2. Instead of having the evaluator rate plans based on how many diamonds are predicted to be created, we now have the evaluator rate plans based on its prediction of what the evaluator will say in the future about how many diamonds there are. This makes the agent worse. In particular, consider the plan “study the evaluator to find a way to trigger an underflow error that causes its output to wrap around to +inf”—this plan would be rejected by the original agent, but would plausibly be executed by the new agent. (This is pretty similar to the wireheading literature, e.g. Learning What to Value and current-RF optimization.) Response: I think you have created a bad grader and that’s why you’re in trouble (just as you would be in trouble if you made a values-executor with bad values). When I imagine a grader-optimizer that is actually good, I imagine a grader that disapproves of plans of the form “search for errors in the grader” (and so those plans don’t happen).
Conclusion. Putting it all together, here are a bunch of different things that can make your [planner + evaluator]-system safer:
1. Informed oversight. Ensure that the evaluator knows and understands the details about how the plan was generated. (Cf. the plagiarism example.)
2. Avoid being pushed OOD. Have the planner consider plans that are similar to those that the evaluator has had historical experience with, rather than searching over totally novel plans.
3. Current-RF optimization.

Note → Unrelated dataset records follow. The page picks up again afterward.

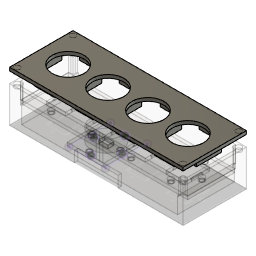
SW Full Enclosure (Autodesk Fusion 360 design; units mm, degrees)
Autodesk Fusion 360 part; units mm, degrees
sketch "Sketch1" plane through (0, 0, 0) normal (0, 1, 0) x (-1, 0, 0) in component "Button"
  arc A0 (78.25, -29) -> (80.25, -27) centre (78.25, -27) ccw
  line L0 (80.25, -27) -> (80.25, 27)
  arc A1 (80.25, 27) -> (78.25, 29) centre (78.25, 27) ccw
  line L1 (78.25, 29) -> (-78.25, 29)
  arc A2 (-78.25, 29) -> (-80.25, 27) centre (-78.25, 27) ccw
  line L2 (-80.25, 27) -> (-80.25, -27)
  arc A3 (-80.25, -27) -> (-78.25, -29) centre (-78.25, -27) ccw
  line L3 (-78.25, -29) -> (78.25, -29)
  circle A4 centre (-18.25, 0) radius 14.75
  circle A5 centre (18.25, 0) radius 14.75
  circle A6 centre (-54.75, 0) radius 14.75
  circle A7 centre (54.75, 0) radius 14.75
  line L4 (35, 19) -> (1.5, 19)
  line L5 (1.5, 19) -> (1.5, -19)
  line L6 (1.5, -19) -> (35, -19)
  line L7 (35, -19) -> (35, 19)
  line L8 (35, 19) -> (1.5, -19) construction
  line L9 (1.5, 19) -> (35, -19) construction
  point P0 (18.25, 0)
  dimension "d261" = 33.5
  dimension "d262" = 38
  dimension "d455" = 18.25
  constraint horizontal L4
  constraint perpendicular L4 L5
  constraint parallel L4 L6
  constraint parallel L5 L7
  constraint coincident L8 P0
  constraint coincident L9 P0
  measures "d261" distance of L5.end L6.end
  measures "d262" distance of L4.end L5.end
  measures "d455" distance of origin A5.centre
extrude "Extrude1" add sketch "Sketch1" along normal blind 3 contours A5 | L4 L5 L6 L7 makes body 1 in component "Button"
sketch "Sketch2" plane through (0, 3, 0) normal (0, 1, 0) x (-1, 0, 0) in component "Button"
  circle A0 centre (31.15, 0) radius 2.6
  line L0 (70, -19) -> (70, 19)
  line L1 (70, 19) -> (38, 19)
  line L2 (38, 19) -> (38, -19)
  line L3 (38, -19) -> (70, -19)
  line L4 (70, 19) -> (38, 19)
  line L5 (70, 19) -> (38, 19)
  line L6 (38, 19) -> (38, -19)
  line L7 (38, -19) -> (70, -19)
  line L8 (70, -19) -> (70, 19)
  line L9 (70, 19) -> (38, 19)
  line L10 (38, 19) -> (38, -19)
  line L11 (38, -19) -> (70, -19)
  circle A1 centre (31.15, 0) radius 2.6
  circle A2 centre (5.35, 0) radius 2.6
  line L12 (35, -19) -> (35, 19)
  line L13 (35, 19) -> (1.5, 19)
  line L14 (1.5, 19) -> (1.5, -19)
  line L15 (1.5, -19) -> (35, -19)
  circle A3 centre (18.25, -15.4) radius 2.6
  circle A4 centre (18.25, 15.4) radius 2.6
  line L16 (26.95, 11.2) -> (9.55, 11.2)
  line L17 (9.55, 11.2) -> (9.55, -11.2)
  line L18 (9.55, -11.2) -> (26.95, -11.2)
  line L19 (26.95, -11.2) -> (26.95, 11.2)
  line L20 (26.95, 11.2) -> (9.55, -11.2) construction
  line L21 (9.55, 11.2) -> (26.95, -11.2) construction
  line L22 (-1.75, 0) -> (-22.5, 0)
  line L23 (18.25, -15.4) -> (18.25, 15.4) construction
  line L24 (31.15, 0) -> (5.35, 0) construction
  point P0 (18.25, 0)
  point P1 (54.75, 0)
  point P2 (18.25, 0)
  point P3 (18.25, 0)
  dimension "d267" = 5.2
  dimension "d456" = 17.4
  dimension "d457" = 22.4
  dimension "d458" = 18.25
  dimension "d459" = 4.2
  dimension "d460" = 4.2
  constraint concentric A0 A1
  constraint equal A1 A4
  constraint equal A0 A2
  constraint equal A3 A4
  constraint horizontal L16
  constraint perpendicular L16 L17
  constraint parallel L16 L18
  constraint parallel L17 L19
  constraint coincident L20 P3
  constraint coincident L21 P3
  constraint coincident P3 L22
  constraint perpendicular L13 L23
  constraint perpendicular L23 L24
  constraint midpoint L23 P3
  constraint coincident P3 P2
  constraint midpoint L24 P3
  constraint coincident A2.centre L24.end
  constraint coincident A3.centre L23.start
  constraint coincident A4.centre L23.end
  constraint coincident A0.centre A1.centre
  constraint equal A2 A3
  measures "d267" diameter of A1
  measures "d456" distance of L17.end L18.end
  measures "d457" distance of L16.end L17.end
  measures "d458" distance of origin P3
  measures "d459" distance of L17 A2.centre
  measures "d460" distance of L18 A3.centre
extrude "Extrude2" cut sketch "Sketch2" along normal blind 2.4 from surface at -3 contours A0 A1 | A2 | A3 | A4 bodies 1 in component "Button"
sketch "Sketch3" plane through (0, 0, 0) normal (0, -1, 0) x (-1, 0, 0) in component "Button"
  circle A0 centre (18.25, -15.4) radius 1.9
  circle A1 centre (18.25, 15.4) radius 1.9
  circle A2 centre (31.15, 0) radius 2.6
  circle A3 centre (5.35, 0) radius 2.6
  circle A4 centre (18.25, 15.4) radius 2.6
  circle A5 centre (18.25, -15.4) radius 2.6
  line L0 (35, -19) -> (35, 19)
  line L1 (35, 19) -> (1.5, 19)
  line L2 (1.5, 19) -> (1.5, -19)
  line L3 (1.5, -19) -> (35, -19)
  circle A6 centre (31.15, 0) radius 1.9
  circle A7 centre (5.35, 0) radius 1.9
  point P0 (18.25, -15.4)
  point P1 (5.35, 0)
  point P2 (31.15, 0)
  point P3 (18.25, 15.4)
  dimension "d272" = 3.8
  dimension "d462" = 3.8
  constraint coincident P0 A0.centre
  constraint coincident P3 A1.centre
  constraint coincident P2 A2.centre
  constraint concentric A3 A7
  constraint equal A6 A7
  constraint equal A0 A7
  measures "d272" diameter of A1
  measures "d462" diameter of A6
extrude "Extrude7" cut sketch "Sketch3" against normal up to surface (3 mm away) contours A0 | A1 | A6 | A7 bodies 1 in component "Button"
sketch "Sketch4" plane through (0, 0, 0) normal (0, 1, 0) x (-1, 0, 0) in component "Button"
  line L0 (35, -19) -> (35, 19)
  line L1 (35, 19) -> (1.5, 19)
  line L2 (1.5, 19) -> (1.5, -19)
  line L3 (1.5, -19) -> (35, -19)
  line L4 (22.5, 2.75) -> (14, 2.75)
  line L5 (14, 2.75) -> (14, -2.75)
  line L6 (14, -2.75) -> (22.5, -2.75)
  line L7 (22.5, -2.75) -> (22.5, 2.75)
  line L8 (22.5, 2.75) -> (14, -2.75) construction
  line L9 (14, 2.75) -> (22.5, -2.75) construction
  line L10 (-1.75, 0) -> (-22.5, 0)
  point P0 (18.25, 0)
  dimension "d290" = 8.5
  dimension "d291" = 5.5
  dimension "d467" = 18.25
  constraint horizontal L4
  constraint perpendicular L4 L5
  constraint parallel L4 L6
  constraint parallel L5 L7
  constraint coincident L8 P0
  constraint coincident L9 P0
  constraint coincident P0 L10
  measures "d290" distance of L5.end L6.end
  measures "d291" distance of L4.end L5.end
  measures "d467" distance of origin P0
extrude "Extrude4" cut sketch "Sketch4" along normal up to surface (3 mm away) contours L4 L5 L6 L7 bodies 1 in component "Button"
sketch "Sketch5" plane through (0, 3, 0) normal (0, 1, 0) x (1, 0, 0) in component "Button"
  line L0 (-35, 19) -> (-35, -19)
  line L1 (-35, -19) -> (-1.5, -19)
  line L2 (-1.5, -19) -> (-1.5, 19)
  line L3 (-1.5, 19) -> (-35, 19)
  circle A0 centre (-18.25, -15.4) radius 1.9
  circle A1 centre (-5.35, 0) radius 1.9
  circle A2 centre (-31.15, 0) radius 1.9
  circle A3 centre (-18.25, 15.4) radius 1.9
  circle A4 centre (-18.25, 0) radius 14
  line L4 (-14, -2.75) -> (-22.5, -2.75)
  line L5 (-22.5, -2.75) -> (-22.5, 2.75)
  line L6 (-22.5, 2.75) -> (-14, 2.75)
  line L7 (-14, 2.75) -> (-14, -2.75)
  circle A5 centre (-18.25, -15.4) radius 1.9
  circle A6 centre (-5.35, 0) radius 1.9
  circle A7 centre (-31.15, 0) radius 1.9
  circle A8 centre (-18.25, 15.4) radius 1.9
  line L8 (-35, 19) -> (-35, -19)
  line L9 (-35, -19) -> (-1.5, -19)
  line L10 (-1.5, -19) -> (-1.5, 19)
  line L11 (-1.5, 19) -> (-35, 19)
  dimension "d465" = 18.25
  dimension "d466" = 28
  measures "d465" distance of origin A4.centre
  measures "d466" diameter of A4
extrude "Extrude5" add sketch "Sketch5" along normal blind 11 separate body contours A0 A4 A5 | A0 A1 A2 A3 A4 A5 A6 A7 A8 | A1 A4 A6 | A2 A4 A7 | A3 A4 A8 | L4 L5 L6 L7 picked at (-18.25, -13.8294) picked at (-5.1201, -0.5681) picked at (-31.2431, 0) picked at (-18.25, 13.8294) makes body 2 in component "Button"
sketch "Sketch6" plane through (0, 0, 0) normal (0, 1, 0) x (1, 0, 0) in component "Button"
  line L0 (-14.1, 2.65) -> (-22.4, 2.65)
  line L1 (-22.4, 2.65) -> (-22.4, -2.65)
  line L2 (-22.4, -2.65) -> (-14.1, -2.65)
  line L3 (-14.1, -2.65) -> (-14.1, 2.65)
  line L4 (-14.1, 2.65) -> (-22.4, -2.65) construction
  line L5 (-22.4, 2.65) -> (-14.1, -2.65) construction
  circle A0 centre (-18.25, 0) radius 14
  point P0 (-18.25, 0)
  dimension "d297" = 8.3
  dimension "d298" = 5.3
  constraint horizontal L0
  constraint perpendicular L0 L1
  constraint parallel L0 L2
  constraint parallel L1 L3
  constraint coincident L4 P0
  constraint coincident L5 P0
  constraint coincident P0 A0.centre
  measures "d297" distance of L1.end L2.end
  measures "d298" distance of L0.end L1.end
extrude "Extrude6" add sketch "Sketch6" along normal blind 7 contours L0 L1 L2 L3 bodies 2 in component "Button"
move_body "Move1" bodies 1 2 to x (1, 0, 0) y (0, 1, 0) z (0, 0, 1) at (-0.7, 0, 0) in component "Button"
move_body "Move2" bodies 2 1 to x (1, 0, 0) y (0, 1, 0) z (0, 0, 1) at (-0.9, 0, 0) in component "Button"
sketch "Sketch1 (2)" plane through (0, 0, 0) normal (0, 1, 0) x (1, 0, 0) in component "Button Base (1)"
  line L0 (76.05, -21.5) -> (0, -21.5)
  line L1 (0, -21.5) -> (0, 21.5)
  line L2 (0, 21.5) -> (76.05, 21.5)
  line L3 (76.05, 21.5) -> (76.05, -21.5)
  line L4 (76.05, -21.5) -> (0, 21.5) construction
  line L5 (0, -21.5) -> (76.05, 21.5) construction
  line L6 (1.75, 0) -> (22.5, 0)
  point P0 (38.025, 0)
  dimension "d337" = 76.05
  dimension "d338" = 43
  constraint horizontal L0
  constraint perpendicular L0 L1
  constraint parallel L0 L2
  constraint parallel L1 L3
  constraint coincident L4 P0
  constraint coincident L5 P0
  constraint coincident P0 L6
  constraint coincident origin L1
  measures "d337" distance of L1.end L2.end
  measures "d338" distance of L0.start L2.end
extrude "Extrude1'" add sketch "Sketch1 (2)" along normal blind 3 separate body makes body 3 in component "Button Base (1)"
sketch "Sketch2 (2)" plane through (0, 3, 0) normal (0, 1, 0) x (-1, 0, 0) in component "Button Base (1)"
  line L0 (-76.05, -21.5) -> (0, -21.5)
  line L1 (0, -21.5) -> (0, 21.5)
  line L2 (0, 21.5) -> (-76.05, 21.5)
  line L3 (-76.05, 21.5) -> (-76.05, -21.5)
  line L4 (-9.55, -11.2) -> (-26.95, -11.2)
  line L5 (-26.95, -11.2) -> (-26.95, 11.2)
  line L6 (-26.95, 11.2) -> (-9.55, 11.2)
  line L7 (-9.55, 11.2) -> (-9.55, -11.2)
  line L8 (-9.55, -11.2) -> (-26.95, 11.2) construction
  line L9 (-26.95, -11.2) -> (-9.55, 11.2) construction
  line L10 (-1.75, 0) -> (-22.5, 0)
  point P0 (-18.25, 0)
  dimension "d341" = 17.4
  dimension "d342" = 22.4
  dimension "d343" = 18.25
  constraint horizontal L4
  constraint perpendicular L4 L5
  constraint parallel L4 L6
  constraint parallel L5 L7
  constraint coincident L8 P0
  constraint coincident L9 P0
  constraint coincident P0 L10
  measures "d341" distance of L5.end L6.end
  measures "d342" distance of L4.end L5.end
  measures "d343" distance of origin P0
extrude "Extrude2'" cut sketch "Sketch2 (2)" against normal up to surface (3 mm away) contours L4 L5 L6 L7 bodies 3 in component "Button Base (1)"
sketch "Sketch3 (2)" plane through (0, 3, 0) normal (0, 1, 0) x (-1, 0, 0) in component "Button Base (1)"
  line L0 (-9.55, 11.2) -> (-9.55, -11.2)
  line L1 (-9.55, -11.2) -> (-26.95, -11.2)
  line L2 (-26.95, -11.2) -> (-26.95, 11.2)
  line L3 (-26.95, 11.2) -> (-9.55, 11.2)
  line L4 (-76.05, -21.5) -> (0, -21.5)
  line L5 (0, -21.5) -> (0, 21.5)
  line L6 (0, 21.5) -> (-76.05, 21.5)
  line L7 (-76.05, 21.5) -> (-76.05, -21.5)
  circle A0 centre (-5.35, 0) radius 2.6
  circle A1 centre (-18.25, -15.4) radius 2.6
  circle A2 centre (-31.15, 0) radius 2.6
  circle A3 centre (-18.25, 15.4) radius 2.6
  line L8 (-18.25, 15.4) -> (-18.25, -15.4) construction
  line L9 (-1.75, 0) -> (-22.5, 0)
  point P0 (-18.25, -11.2)
  dimension "d346" = 5.2
  dimension "d347" = 4.2
  dimension "d348" = 4.2
  dimension "d349" = 4.2
  dimension "d350" = 4.2
  constraint equal A1 A2
  constraint equal A2 A3
  constraint equal A0 A3
  constraint midpoint L1 P0
  constraint perpendicular L1 L8
  constraint coincident A3.centre L8
  constraint coincident A3.centre L8.start
  constraint coincident P0 L8
  constraint coincident A1.centre L8
  constraint coincident A1.centre L8.end
  constraint coincident A2.centre L9
  constraint coincident A0.centre L9
  measures "d346" diameter of A1
  measures "d347" distance of L3 A3.centre
  measures "d348" distance of L1 A1.centre
  measures "d349" distance of L0 A0.centre
  measures "d350" distance of L2 A2.centre
extrude "Extrude3" cut sketch "Sketch3 (2)" against normal blind 2.4 contours A0 L9 | A0 L9 | A1 | A2 | A3 bodies 3 in component "Button Base (1)"
sketch "Sketch4 (2)" plane through (0, 3, 0) normal (0, 1, 0) x (-1, 0, 0) in component "Button Base (1)"
  circle A0 centre (-18.25, -15.4) radius 2.6
  circle A1 centre (-31.15, 0) radius 2.6
  circle A2 centre (-5.35, 0) radius 2.6
  circle A3 centre (-18.25, 15.4) radius 2.6
  line L0 (-9.55, 11.2) -> (-9.55, -11.2)
  line L1 (-9.55, -11.2) -> (-26.95, -11.2)
  line L2 (-26.95, -11.2) -> (-26.95, 11.2)
  line L3 (-26.95, 11.2) -> (-9.55, 11.2)
  line L4 (-76.05, -21.5) -> (0, -21.5)
  line L5 (0, -21.5) -> (0, 21.5)
  line L6 (0, 21.5) -> (-76.05, 21.5)
  line L7 (-76.05, 21.5) -> (-76.05, -21.5)
  circle A4 centre (-18.25, -15.4) radius 1.9
  circle A5 centre (-31.15, 0) radius 1.9
  circle A6 centre (-18.25, 15.4) radius 1.9
  circle A7 centre (-5.35, 0) radius 1.9
  dimension "d353" = 3.8
  constraint concentric A0 A4
  constraint concentric A1 A5
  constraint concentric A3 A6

The evaluator should evaluate plans using its current beliefs rather than the prediction of its future beliefs. (The latter means it will approve of plans that foreseeably manipulate it.)
4. Scaling safely. Ensure that as your AI system becomes more capable, there is also the wisdom to handle those new capabilities well. (As a particular example, the evaluator should reject plans that make the planner way more powerful without also making the evaluator a lot more powerful.)
I don’t think these are specific to values-executors rather than grader-optimizers. If you do build a grader-optimizer, you do want to take care that your grader has all of these properties; but you will need to do similar things when building a values-executor.
- TurnTrout 3 Jan 2023 5:32 UTC
  LW: 2 AF: 2
  0
  AF Parent
  Strong-upvote, strong disagreevote, thanks so much for writing this out :) I’m not going to reply more until I’ve cleared up this thread with you (seems important, if you think the pseudocode was a grader-optimizer, well… I think that isn’t obviously doomed).